The combination of a wearable, smartphone app and wristband was able to accurately show the electrical activity in the heart and notify those with atrial fibrillation (AFib) abnormal behaviors, according to a recent study.

The smartwatch wristband records electrocardiographic (ECG) tracing and shows the heart’s electrical activity. Users can place a finger on the wristband and are supplied with information regarding their rhythm calculated by a smartphone algorithm.

"Our patients are exposed to a growing number of health care devices that are available for purchase without a prescription. What we don't know is if these devices provide meaningful clinical information that patients and their physicians can interpret and use effectively," said Joseph Bumgarner, MD, an electrophysiology fellow at Cleveland Clinic and the lead author of the study, which will be presented next week at the American College of Cardiology's 67th Annual Scientific Session in Orlando. "Our study is the first to assess how accurately a wearable smartwatch device can identify AFib or normal sinus rhythm compared to a standard 12-lead ECG as is often done in the clinic."

In the study, 100 patients with AFib received a smartwatch with a wristband. Participants were coached on how to use the technology to generate wave-patterned tracing. They also underwent an ECG to evaluate the accuracy of the device.

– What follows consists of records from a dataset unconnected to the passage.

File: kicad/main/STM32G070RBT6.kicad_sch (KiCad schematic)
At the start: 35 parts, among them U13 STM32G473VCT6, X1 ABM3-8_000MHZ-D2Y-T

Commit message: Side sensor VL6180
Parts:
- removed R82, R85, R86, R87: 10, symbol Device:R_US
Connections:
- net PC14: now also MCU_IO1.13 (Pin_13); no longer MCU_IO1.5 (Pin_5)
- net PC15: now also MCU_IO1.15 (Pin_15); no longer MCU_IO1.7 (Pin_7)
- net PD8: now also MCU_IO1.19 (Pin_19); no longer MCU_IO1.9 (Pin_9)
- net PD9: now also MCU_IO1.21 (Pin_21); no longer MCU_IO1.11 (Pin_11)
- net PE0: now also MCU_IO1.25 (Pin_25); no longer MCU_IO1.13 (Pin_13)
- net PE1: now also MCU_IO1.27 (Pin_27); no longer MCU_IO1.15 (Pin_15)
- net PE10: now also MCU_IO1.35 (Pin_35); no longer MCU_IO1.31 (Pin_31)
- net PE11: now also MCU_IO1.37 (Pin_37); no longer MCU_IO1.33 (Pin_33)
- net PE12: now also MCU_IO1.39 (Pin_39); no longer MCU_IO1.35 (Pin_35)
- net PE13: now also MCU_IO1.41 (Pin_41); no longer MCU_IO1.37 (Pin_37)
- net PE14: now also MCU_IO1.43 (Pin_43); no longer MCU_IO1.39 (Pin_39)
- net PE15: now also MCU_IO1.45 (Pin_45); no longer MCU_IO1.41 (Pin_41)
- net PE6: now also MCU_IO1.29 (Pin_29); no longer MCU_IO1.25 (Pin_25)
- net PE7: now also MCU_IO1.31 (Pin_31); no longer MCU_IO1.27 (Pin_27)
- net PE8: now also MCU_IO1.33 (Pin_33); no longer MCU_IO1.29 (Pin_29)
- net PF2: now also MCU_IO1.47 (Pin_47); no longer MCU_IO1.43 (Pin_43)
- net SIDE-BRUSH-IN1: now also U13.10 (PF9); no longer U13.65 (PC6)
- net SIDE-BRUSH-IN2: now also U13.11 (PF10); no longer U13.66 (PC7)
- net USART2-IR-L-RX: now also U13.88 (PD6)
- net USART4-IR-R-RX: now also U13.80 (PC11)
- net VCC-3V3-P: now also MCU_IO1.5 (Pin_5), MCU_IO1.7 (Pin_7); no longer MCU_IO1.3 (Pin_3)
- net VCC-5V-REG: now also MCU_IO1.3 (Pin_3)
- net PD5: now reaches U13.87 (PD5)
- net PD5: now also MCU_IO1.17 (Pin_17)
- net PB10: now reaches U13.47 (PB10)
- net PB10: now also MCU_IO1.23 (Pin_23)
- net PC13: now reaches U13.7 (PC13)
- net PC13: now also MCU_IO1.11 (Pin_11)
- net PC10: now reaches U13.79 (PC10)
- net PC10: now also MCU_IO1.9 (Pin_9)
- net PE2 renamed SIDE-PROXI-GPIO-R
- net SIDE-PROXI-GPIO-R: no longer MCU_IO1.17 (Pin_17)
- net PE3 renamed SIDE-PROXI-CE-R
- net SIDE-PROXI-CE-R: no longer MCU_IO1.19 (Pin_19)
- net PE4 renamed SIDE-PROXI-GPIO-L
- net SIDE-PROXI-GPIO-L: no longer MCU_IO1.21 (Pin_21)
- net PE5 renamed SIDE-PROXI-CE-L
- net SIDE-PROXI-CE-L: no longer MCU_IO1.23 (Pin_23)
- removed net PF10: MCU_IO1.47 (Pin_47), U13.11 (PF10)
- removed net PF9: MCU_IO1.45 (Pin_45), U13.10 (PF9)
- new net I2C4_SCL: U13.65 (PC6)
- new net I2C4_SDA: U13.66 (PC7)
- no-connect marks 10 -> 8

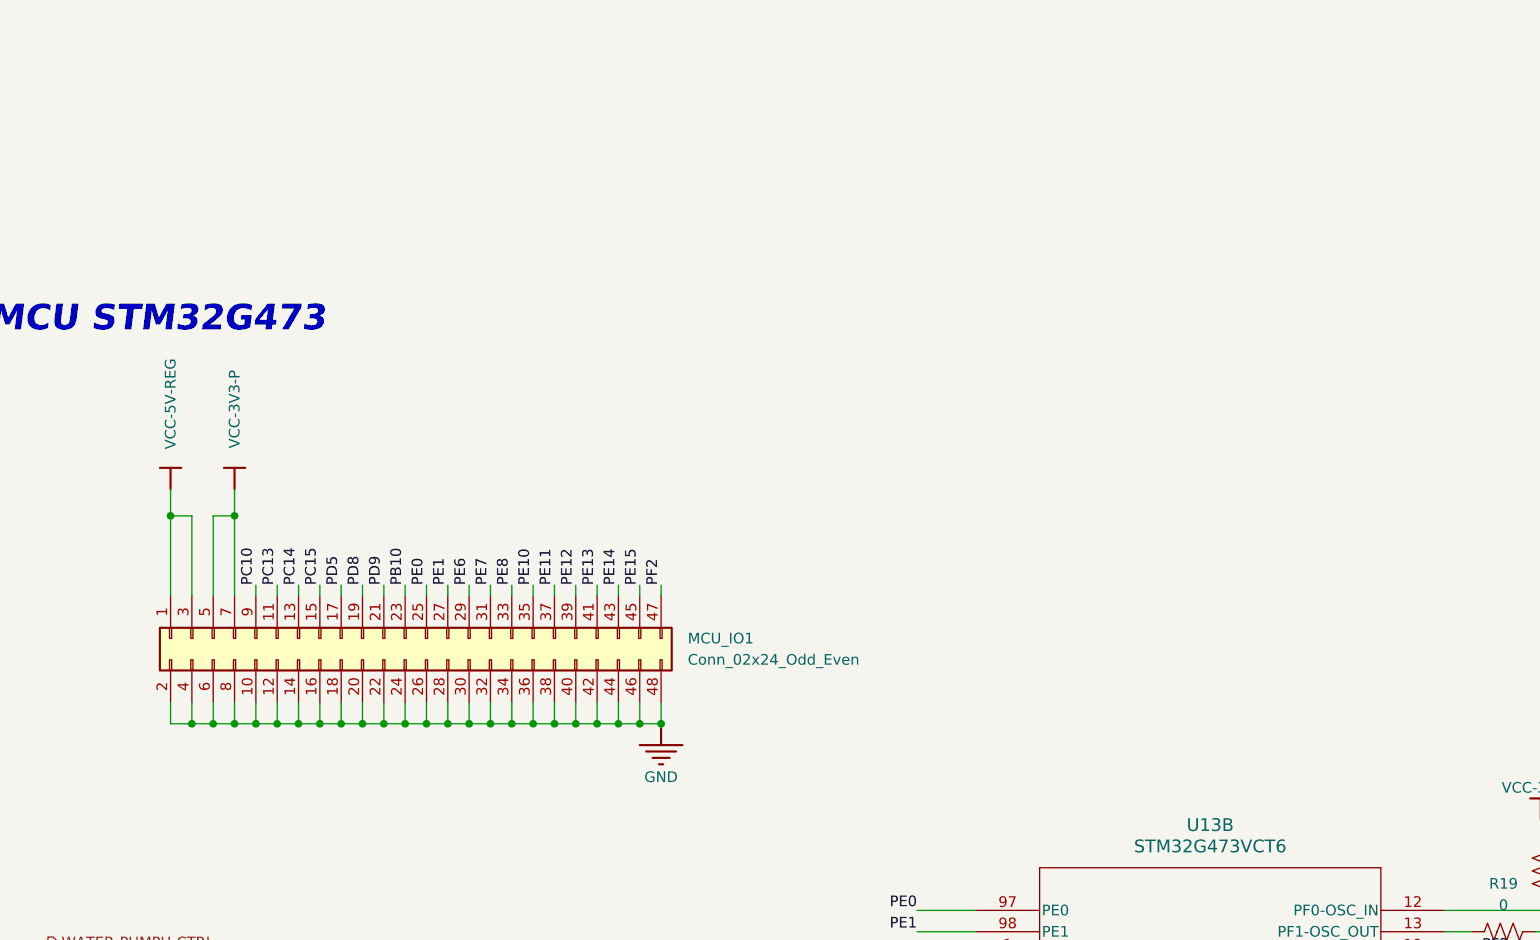
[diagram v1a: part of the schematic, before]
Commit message: Fix edge cut; no-CM STEP
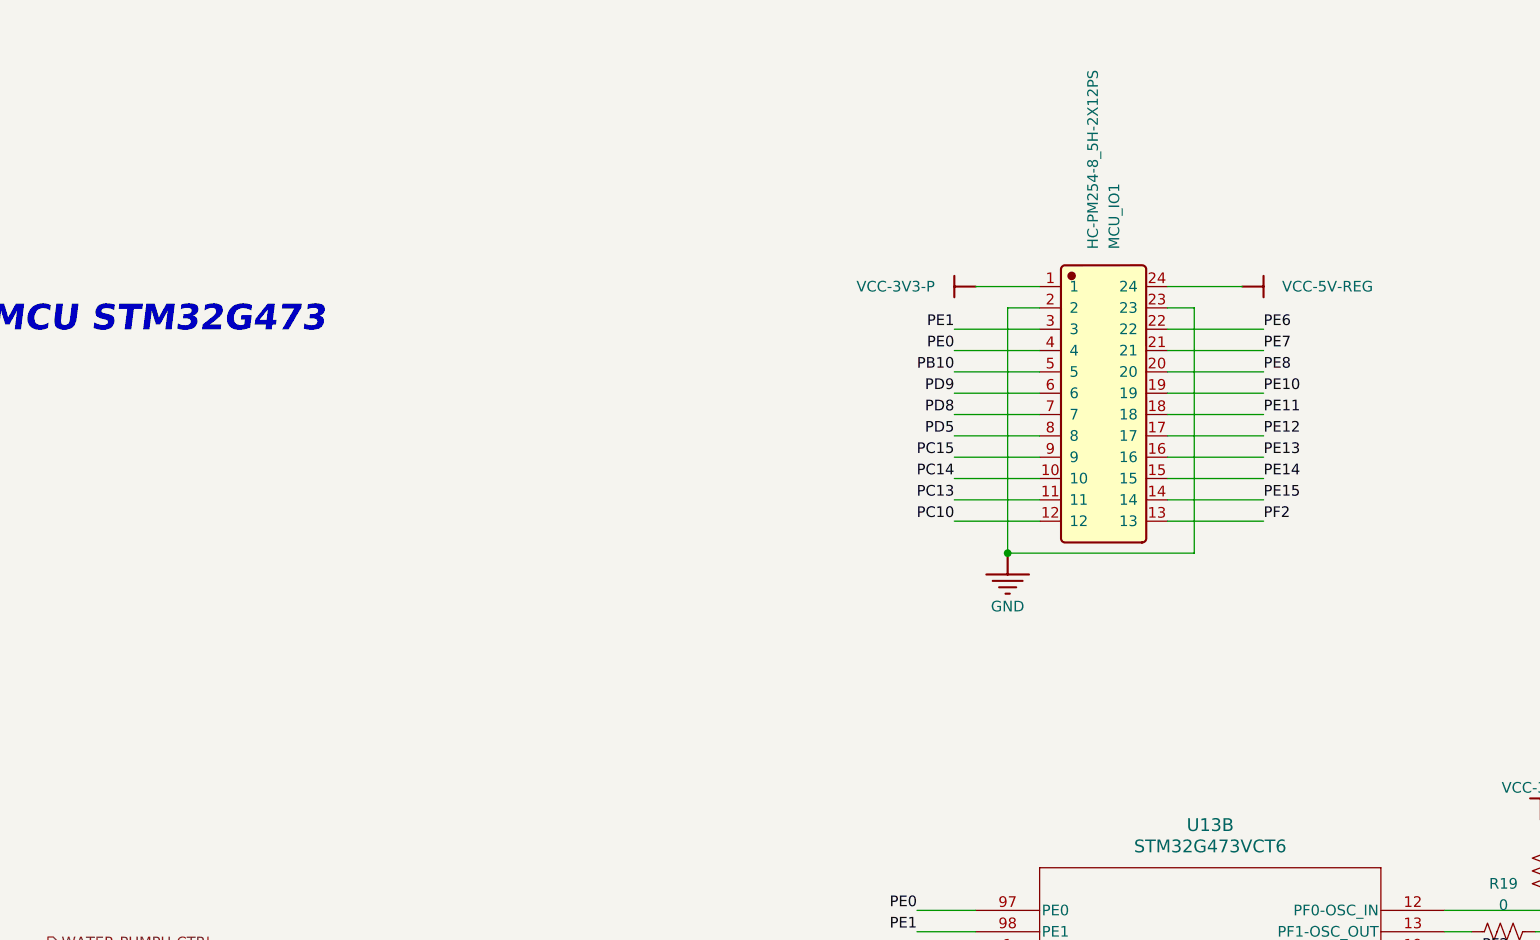
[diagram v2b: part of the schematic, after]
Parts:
- removed MCU_IO1: Conn_02x24_Odd_Even, symbol Connector_Generic:Conn_02x24_Odd_Even
- added MCU_IO1: HC-PM254-8_5H-2X12PS, JLCImport:HC-PM254-8_5H-2X12PS, symbol JLCImport:HC-PM254-8_5H-2X12PS
- R113, R117, R64, R73, R74, R80, R94, R95: footprint (none) -> Resistor_SMD:R_0603_1608Metric
- R16: footprint Resistor_SMD:R_0603_1608Metric -> Resistor_SMD:R_1206_3216Metric
- STM_DEBUG1: footprint (none) -> Connector_PinHeader_2.54mm:PinHeader_1x05_P2.54mm_Vertical
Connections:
- net GND: now also MCU_IO1.2, MCU_IO1.23
- net PB10: now also MCU_IO1.5
- net PC10: now also MCU_IO1.12
- net PC13: now also MCU_IO1.11
- net PC14: now also MCU_IO1.10
- net PC15: now also MCU_IO1.9
- net PD5: now also MCU_IO1.8
- net PD8: now also MCU_IO1.7
- net PD9: now also MCU_IO1.6
- net PE0: now also MCU_IO1.4
- net PE1: now also MCU_IO1.3
- net PE10: now also MCU_IO1.19
- net PE11: now also MCU_IO1.18
- net PE12: now also MCU_IO1.17
- net PE13: now also MCU_IO1.16
- net PE14: now also MCU_IO1.15
- net PE15: now also MCU_IO1.14
- net PE6: now also MCU_IO1.22
- net PE7: now also MCU_IO1.21
- net PE8: now also MCU_IO1.20
- net PF2: now also MCU_IO1.13
- net VCC-3V3-P: now also MCU_IO1.1
- net VCC-5V-REG: now also MCU_IO1.24

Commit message: Schematic fixes, 1st round of review
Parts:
- removed R16: 0.01, Resistor_SMD:R_1206_3216Metric, symbol Device:R_US
- added C39, C42: 18pF/10V, Capacitor_SMD:C_0603_1608Metric, symbol Device:C_Small
- added X3: XKXEL89CII-SUAYLC-32_768K, JLCImport:XKXEL89CII-SUAYLC-32_768K, symbol JLCImport:XKXEL89CII-SUAYLC-32_768K
- C12, C13, C14, C15, C16, C30, C32, C37: value 100nF/10V -> 100nF/50V; LCSC (none) -> C1591
- C17, C31, C33: value 4.7uF/10V -> 10uF/25V; LCSC (none) -> C96446
- C34, C35: value 22pF/10V -> 22pF/50V
- D5: LCSC (none) -> C22448055
- R113: value 10 -> 1k
- STM_DEBUG1: LCSC (none) -> C42431835
- U13: LCSC (none) -> C730121
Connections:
- net GND: now also C39.1, C42.1
- net 3.3VBAT: now reaches U13.6 (VBAT)
- net MAIN-FAN-V-CTRL renamed CLEAN-BTN
- net PC14: no longer names the net of MCU_IO1.10
- net PC14: no longer U13.8 (PC14-OSC32_IN)
- net PC15: no longer names the net of MCU_IO1.9
- net PC15: no longer U13.9 (PC15-OSC32_OUT)
- net PD8: no longer names the net of MCU_IO1.7
- net PD8: no longer U13.55 (PD8)
- net PD9: no longer names the net of MCU_IO1.6
- net PD9: no longer U13.56 (PD9)
- net STM32-RST renamed ~{STM32_RST}
- net ~{STM32_RST}: no longer JTAG1.12
- new net: C42.2, U13.8 (PC14-OSC32_IN), X3.2 (OSC2)
- new net: C39.2, U13.9 (PC15-OSC32_OUT), X3.1 (OSC1)
- new net LIDAR_EN: U13.56 (PD9)
- new net WDO: U13.55 (PD8)
- new net ~{JTAG_RST}: JTAG1.12
- no-connect marks 8 -> 12

Results showed, when the algorithm provided a diagnosis, it detected AFib with 93 percent sensitivity and 84 percent specificity when compared to the ECG. When an electrophysiologist interpreted the data, the accuracy was raised to 99 percent sensitivity and 83 percent specificity

"Out of the box, the smartwatch band and its algorithm were very good at identifying AFib, but when coupled with a physician's interpretation of the recording [as it should be used], it became even more clinically useful," Bumgarner said. "Its accuracy was comparable to the standard 12-lead ECG that we use in our clinic every day. There were a significant number of patients--about 8 percent--who on the day of their procedure were found to have a normal heart rhythm [as determined by the watch and validated by the ECG] and did not require a procedure. In the future this technology may help screen patients prior to presentation for elective procedures and avoid scheduling ones that are unnecessary."